◆ The task ◆
Go through the records and give the number of lines that include "midpoint", with nothing else.

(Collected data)
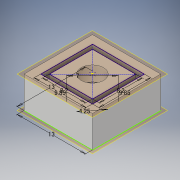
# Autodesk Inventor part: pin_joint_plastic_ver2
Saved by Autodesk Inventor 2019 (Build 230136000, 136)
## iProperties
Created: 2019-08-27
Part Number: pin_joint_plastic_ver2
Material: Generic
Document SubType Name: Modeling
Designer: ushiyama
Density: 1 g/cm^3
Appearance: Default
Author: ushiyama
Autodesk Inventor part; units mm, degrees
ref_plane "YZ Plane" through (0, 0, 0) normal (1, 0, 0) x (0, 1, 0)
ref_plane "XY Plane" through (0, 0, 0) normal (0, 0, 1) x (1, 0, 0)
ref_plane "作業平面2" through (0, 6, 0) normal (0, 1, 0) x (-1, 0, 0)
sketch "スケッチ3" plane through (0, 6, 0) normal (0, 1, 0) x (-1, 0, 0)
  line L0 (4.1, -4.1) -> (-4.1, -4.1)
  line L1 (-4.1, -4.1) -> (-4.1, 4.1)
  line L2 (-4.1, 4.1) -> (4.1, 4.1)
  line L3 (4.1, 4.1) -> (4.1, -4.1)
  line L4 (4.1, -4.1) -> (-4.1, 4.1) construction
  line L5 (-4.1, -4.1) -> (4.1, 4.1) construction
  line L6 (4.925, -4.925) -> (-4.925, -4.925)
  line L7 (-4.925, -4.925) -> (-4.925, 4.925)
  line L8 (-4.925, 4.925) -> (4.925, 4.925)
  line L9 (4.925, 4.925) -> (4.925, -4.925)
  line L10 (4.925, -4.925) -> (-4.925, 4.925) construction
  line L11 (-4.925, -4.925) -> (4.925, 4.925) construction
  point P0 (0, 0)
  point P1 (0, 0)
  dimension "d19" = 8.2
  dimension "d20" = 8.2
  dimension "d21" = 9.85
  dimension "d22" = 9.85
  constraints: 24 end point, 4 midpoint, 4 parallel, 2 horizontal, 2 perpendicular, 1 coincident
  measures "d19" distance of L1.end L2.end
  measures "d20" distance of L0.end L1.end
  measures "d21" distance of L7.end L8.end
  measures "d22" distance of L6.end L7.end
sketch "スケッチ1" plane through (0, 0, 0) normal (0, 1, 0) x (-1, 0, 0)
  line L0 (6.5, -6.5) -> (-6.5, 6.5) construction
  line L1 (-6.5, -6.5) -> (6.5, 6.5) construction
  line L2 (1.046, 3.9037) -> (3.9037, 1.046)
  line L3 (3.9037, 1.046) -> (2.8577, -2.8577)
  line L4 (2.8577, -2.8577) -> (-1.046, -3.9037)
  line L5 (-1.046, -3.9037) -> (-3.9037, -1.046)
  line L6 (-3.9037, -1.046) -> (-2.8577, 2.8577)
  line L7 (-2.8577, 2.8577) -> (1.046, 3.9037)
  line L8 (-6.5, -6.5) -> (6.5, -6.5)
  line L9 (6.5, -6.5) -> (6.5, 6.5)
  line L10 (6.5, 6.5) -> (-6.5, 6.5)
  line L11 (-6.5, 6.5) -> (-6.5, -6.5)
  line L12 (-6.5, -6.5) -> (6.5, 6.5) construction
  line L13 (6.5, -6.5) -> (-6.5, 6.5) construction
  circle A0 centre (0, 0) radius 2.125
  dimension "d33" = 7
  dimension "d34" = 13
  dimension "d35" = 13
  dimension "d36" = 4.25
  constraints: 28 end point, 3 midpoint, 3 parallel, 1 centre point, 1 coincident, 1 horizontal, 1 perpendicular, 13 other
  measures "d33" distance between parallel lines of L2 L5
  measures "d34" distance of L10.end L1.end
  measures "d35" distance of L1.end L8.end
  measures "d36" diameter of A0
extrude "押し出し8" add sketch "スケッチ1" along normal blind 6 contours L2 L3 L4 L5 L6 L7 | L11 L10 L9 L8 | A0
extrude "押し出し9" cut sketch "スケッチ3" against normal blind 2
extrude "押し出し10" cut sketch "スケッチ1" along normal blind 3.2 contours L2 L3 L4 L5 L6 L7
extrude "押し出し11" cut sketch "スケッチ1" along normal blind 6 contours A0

◆ Response box ◆
2